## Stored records
· · · · · · ·

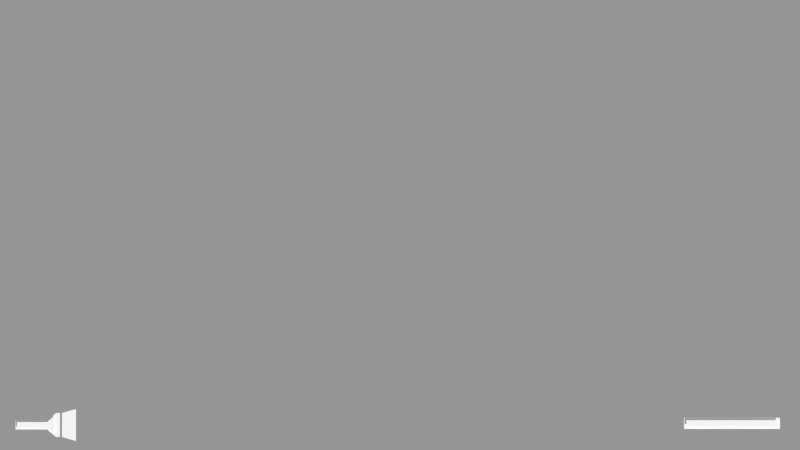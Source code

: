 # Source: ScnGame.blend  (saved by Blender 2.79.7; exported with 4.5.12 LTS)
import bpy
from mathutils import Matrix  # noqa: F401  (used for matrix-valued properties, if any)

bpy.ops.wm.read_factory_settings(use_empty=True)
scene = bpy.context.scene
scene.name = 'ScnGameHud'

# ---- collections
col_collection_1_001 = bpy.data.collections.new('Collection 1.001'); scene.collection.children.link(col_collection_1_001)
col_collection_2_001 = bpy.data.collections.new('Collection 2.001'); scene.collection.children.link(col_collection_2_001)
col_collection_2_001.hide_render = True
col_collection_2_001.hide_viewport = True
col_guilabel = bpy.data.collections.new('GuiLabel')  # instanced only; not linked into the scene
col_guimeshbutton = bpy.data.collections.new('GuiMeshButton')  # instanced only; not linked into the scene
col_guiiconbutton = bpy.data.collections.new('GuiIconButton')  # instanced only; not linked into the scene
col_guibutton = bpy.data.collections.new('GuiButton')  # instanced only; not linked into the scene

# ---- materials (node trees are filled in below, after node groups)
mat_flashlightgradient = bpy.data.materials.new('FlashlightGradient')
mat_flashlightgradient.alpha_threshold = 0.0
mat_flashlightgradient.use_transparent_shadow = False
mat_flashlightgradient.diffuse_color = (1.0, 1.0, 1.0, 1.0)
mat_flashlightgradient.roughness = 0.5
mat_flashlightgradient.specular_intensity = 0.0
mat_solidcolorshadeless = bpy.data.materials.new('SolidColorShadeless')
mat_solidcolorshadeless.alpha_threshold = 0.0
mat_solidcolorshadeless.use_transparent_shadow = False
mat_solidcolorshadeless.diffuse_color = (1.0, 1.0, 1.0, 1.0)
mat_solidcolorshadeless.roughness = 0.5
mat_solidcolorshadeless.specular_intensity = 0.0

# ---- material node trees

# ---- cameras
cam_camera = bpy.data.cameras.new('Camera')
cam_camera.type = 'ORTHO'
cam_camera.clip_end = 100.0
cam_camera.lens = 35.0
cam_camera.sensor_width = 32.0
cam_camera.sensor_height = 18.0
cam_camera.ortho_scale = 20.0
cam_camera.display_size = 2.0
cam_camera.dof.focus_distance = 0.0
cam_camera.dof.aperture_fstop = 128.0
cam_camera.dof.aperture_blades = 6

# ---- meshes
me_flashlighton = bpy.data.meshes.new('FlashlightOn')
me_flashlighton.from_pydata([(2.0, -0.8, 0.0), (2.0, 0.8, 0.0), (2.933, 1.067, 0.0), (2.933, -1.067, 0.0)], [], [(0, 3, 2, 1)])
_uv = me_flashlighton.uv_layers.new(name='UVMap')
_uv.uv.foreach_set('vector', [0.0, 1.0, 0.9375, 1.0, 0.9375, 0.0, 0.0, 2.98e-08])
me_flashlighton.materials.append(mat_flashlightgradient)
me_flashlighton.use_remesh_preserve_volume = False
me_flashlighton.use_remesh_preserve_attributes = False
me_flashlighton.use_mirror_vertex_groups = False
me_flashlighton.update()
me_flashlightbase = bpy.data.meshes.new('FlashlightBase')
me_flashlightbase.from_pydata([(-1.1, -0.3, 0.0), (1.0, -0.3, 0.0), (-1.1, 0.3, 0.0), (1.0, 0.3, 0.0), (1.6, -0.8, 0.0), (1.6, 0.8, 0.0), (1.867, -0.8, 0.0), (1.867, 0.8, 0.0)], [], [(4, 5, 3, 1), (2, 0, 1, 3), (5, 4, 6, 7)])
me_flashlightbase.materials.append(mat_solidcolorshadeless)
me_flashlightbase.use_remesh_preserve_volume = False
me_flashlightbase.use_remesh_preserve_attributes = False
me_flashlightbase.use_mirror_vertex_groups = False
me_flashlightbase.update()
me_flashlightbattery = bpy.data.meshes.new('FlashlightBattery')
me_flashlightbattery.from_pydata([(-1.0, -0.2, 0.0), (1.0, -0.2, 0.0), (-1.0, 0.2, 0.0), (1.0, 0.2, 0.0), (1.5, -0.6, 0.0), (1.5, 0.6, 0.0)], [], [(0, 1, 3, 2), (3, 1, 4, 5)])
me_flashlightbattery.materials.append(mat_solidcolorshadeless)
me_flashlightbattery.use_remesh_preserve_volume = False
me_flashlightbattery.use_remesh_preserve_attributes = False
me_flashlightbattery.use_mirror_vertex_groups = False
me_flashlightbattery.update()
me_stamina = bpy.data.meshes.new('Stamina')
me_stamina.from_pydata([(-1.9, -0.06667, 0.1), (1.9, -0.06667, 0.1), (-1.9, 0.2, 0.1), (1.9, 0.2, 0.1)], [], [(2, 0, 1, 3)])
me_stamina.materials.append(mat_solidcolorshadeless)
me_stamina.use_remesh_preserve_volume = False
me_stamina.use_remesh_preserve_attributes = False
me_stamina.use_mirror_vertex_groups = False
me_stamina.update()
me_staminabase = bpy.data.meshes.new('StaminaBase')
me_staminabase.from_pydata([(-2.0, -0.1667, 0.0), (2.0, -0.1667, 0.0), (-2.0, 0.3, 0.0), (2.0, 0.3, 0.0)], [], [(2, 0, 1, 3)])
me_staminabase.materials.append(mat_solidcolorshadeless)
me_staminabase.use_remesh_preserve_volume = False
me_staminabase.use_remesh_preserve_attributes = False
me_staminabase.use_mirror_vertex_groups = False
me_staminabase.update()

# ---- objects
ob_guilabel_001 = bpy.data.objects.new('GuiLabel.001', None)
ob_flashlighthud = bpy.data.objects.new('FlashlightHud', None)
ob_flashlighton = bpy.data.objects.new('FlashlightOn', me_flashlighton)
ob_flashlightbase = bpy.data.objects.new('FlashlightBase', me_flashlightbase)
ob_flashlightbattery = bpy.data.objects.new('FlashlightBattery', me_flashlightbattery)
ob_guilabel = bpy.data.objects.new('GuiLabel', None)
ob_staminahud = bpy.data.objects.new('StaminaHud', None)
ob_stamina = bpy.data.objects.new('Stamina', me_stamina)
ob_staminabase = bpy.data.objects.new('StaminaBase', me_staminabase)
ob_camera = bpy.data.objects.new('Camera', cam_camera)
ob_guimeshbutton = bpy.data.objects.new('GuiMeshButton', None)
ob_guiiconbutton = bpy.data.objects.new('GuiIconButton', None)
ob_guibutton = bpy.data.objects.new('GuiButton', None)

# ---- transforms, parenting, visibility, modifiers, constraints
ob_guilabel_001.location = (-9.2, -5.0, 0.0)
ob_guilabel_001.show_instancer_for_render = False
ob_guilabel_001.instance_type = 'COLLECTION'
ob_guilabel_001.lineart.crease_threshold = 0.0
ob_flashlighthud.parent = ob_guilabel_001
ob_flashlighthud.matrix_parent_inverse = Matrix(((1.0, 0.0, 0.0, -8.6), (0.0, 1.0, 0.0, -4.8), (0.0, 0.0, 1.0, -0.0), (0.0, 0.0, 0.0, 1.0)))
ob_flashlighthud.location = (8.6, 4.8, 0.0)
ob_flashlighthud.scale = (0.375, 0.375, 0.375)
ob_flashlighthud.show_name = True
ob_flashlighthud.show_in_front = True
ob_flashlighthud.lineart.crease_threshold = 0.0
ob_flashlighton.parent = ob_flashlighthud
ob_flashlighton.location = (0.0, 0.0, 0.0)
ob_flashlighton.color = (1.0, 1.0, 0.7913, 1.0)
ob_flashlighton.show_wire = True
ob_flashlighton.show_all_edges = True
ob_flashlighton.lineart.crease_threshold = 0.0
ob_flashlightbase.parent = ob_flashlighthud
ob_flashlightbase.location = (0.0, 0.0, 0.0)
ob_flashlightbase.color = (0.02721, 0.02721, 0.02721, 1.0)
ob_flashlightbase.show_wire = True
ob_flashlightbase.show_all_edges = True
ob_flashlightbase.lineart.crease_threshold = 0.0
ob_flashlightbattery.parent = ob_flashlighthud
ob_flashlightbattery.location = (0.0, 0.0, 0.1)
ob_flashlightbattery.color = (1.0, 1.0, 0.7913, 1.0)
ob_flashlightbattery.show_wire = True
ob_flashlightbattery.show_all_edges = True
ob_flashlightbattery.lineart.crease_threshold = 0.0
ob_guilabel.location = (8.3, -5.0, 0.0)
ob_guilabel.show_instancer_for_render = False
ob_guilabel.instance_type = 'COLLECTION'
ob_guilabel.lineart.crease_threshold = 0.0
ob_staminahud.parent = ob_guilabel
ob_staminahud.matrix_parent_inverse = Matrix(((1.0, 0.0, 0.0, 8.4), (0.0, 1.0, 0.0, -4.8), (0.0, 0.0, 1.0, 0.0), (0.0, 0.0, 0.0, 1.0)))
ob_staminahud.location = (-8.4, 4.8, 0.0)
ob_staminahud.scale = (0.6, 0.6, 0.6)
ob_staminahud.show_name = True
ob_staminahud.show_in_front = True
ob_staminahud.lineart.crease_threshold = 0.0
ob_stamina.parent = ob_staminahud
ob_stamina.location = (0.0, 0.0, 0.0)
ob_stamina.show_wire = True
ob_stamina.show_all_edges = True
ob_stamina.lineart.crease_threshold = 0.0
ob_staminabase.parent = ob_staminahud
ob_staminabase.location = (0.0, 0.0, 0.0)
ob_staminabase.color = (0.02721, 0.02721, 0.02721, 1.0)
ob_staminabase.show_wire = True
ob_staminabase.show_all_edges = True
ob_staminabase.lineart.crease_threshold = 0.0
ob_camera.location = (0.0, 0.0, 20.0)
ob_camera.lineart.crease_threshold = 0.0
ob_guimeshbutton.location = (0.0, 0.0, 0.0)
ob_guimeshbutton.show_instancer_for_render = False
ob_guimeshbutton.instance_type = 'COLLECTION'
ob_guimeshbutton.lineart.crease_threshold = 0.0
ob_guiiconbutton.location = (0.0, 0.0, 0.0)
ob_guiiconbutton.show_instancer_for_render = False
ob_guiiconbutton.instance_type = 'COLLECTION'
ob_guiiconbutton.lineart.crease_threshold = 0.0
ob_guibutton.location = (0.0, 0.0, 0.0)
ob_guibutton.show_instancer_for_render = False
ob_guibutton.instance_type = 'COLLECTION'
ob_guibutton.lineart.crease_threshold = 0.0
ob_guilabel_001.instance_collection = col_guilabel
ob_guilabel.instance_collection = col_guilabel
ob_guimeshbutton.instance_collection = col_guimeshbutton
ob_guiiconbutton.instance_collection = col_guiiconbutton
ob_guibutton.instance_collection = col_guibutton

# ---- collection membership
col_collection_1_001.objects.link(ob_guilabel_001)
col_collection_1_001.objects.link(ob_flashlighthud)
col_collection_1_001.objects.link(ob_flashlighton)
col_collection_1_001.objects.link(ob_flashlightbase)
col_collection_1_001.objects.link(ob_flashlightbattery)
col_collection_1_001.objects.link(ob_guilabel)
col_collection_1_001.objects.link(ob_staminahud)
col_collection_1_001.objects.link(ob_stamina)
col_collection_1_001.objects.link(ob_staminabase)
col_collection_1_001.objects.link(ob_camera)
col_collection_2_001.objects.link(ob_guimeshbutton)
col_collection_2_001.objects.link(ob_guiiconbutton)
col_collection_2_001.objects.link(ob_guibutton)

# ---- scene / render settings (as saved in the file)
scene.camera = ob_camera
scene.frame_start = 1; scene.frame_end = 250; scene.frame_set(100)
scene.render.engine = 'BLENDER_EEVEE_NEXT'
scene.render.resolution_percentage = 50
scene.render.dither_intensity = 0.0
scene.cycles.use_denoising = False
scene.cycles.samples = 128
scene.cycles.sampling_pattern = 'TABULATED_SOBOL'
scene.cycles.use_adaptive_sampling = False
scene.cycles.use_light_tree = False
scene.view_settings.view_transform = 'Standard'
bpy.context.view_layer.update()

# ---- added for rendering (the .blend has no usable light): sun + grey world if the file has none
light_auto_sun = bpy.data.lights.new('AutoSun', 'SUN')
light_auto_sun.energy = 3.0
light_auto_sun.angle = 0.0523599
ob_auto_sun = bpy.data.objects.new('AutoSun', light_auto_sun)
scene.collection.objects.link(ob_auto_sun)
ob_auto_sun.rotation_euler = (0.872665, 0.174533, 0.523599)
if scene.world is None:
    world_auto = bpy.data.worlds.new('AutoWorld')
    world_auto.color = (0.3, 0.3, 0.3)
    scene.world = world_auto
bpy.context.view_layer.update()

· · · · · · ·

## Task details
The lines above, starting at the one with "cam_camera.sensor_width = 32.0" and ending at the one with "me_flashlightbattery.use_mirror_vertex_groups = False", are the only ones to return, exactly as written.

## Task result
cam_camera.sensor_width = 32.0
cam_camera.sensor_height = 18.0
cam_camera.ortho_scale = 20.0
cam_camera.display_size = 2.0
cam_camera.dof.focus_distance = 0.0
cam_camera.dof.aperture_fstop = 128.0
cam_camera.dof.aperture_blades = 6

# ---- meshes
me_flashlighton = bpy.data.meshes.new('FlashlightOn')
me_flashlighton.from_pydata([(2.0, -0.8, 0.0), (2.0, 0.8, 0.0), (2.933, 1.067, 0.0), (2.933, -1.067, 0.0)], [], [(0, 3, 2, 1)])
_uv = me_flashlighton.uv_layers.new(name='UVMap')
_uv.uv.foreach_set('vector', [0.0, 1.0, 0.9375, 1.0, 0.9375, 0.0, 0.0, 2.98e-08])
me_flashlighton.materials.append(mat_flashlightgradient)
me_flashlighton.use_remesh_preserve_volume = False
me_flashlighton.use_remesh_preserve_attributes = False
me_flashlighton.use_mirror_vertex_groups = False
me_flashlighton.update()
me_flashlightbase = bpy.data.meshes.new('FlashlightBase')
me_flashlightbase.from_pydata([(-1.1, -0.3, 0.0), (1.0, -0.3, 0.0), (-1.1, 0.3, 0.0), (1.0, 0.3, 0.0), (1.6, -0.8, 0.0), (1.6, 0.8, 0.0), (1.867, -0.8, 0.0), (1.867, 0.8, 0.0)], [], [(4, 5, 3, 1), (2, 0, 1, 3), (5, 4, 6, 7)])
me_flashlightbase.materials.append(mat_solidcolorshadeless)
me_flashlightbase.use_remesh_preserve_volume = False
me_flashlightbase.use_remesh_preserve_attributes = False
me_flashlightbase.use_mirror_vertex_groups = False
me_flashlightbase.update()
me_flashlightbattery = bpy.data.meshes.new('FlashlightBattery')
me_flashlightbattery.from_pydata([(-1.0, -0.2, 0.0), (1.0, -0.2, 0.0), (-1.0, 0.2, 0.0), (1.0, 0.2, 0.0), (1.5, -0.6, 0.0), (1.5, 0.6, 0.0)], [], [(0, 1, 3, 2), (3, 1, 4, 5)])
me_flashlightbattery.materials.append(mat_solidcolorshadeless)
me_flashlightbattery.use_remesh_preserve_volume = False
me_flashlightbattery.use_remesh_preserve_attributes = False
me_flashlightbattery.use_mirror_vertex_groups = False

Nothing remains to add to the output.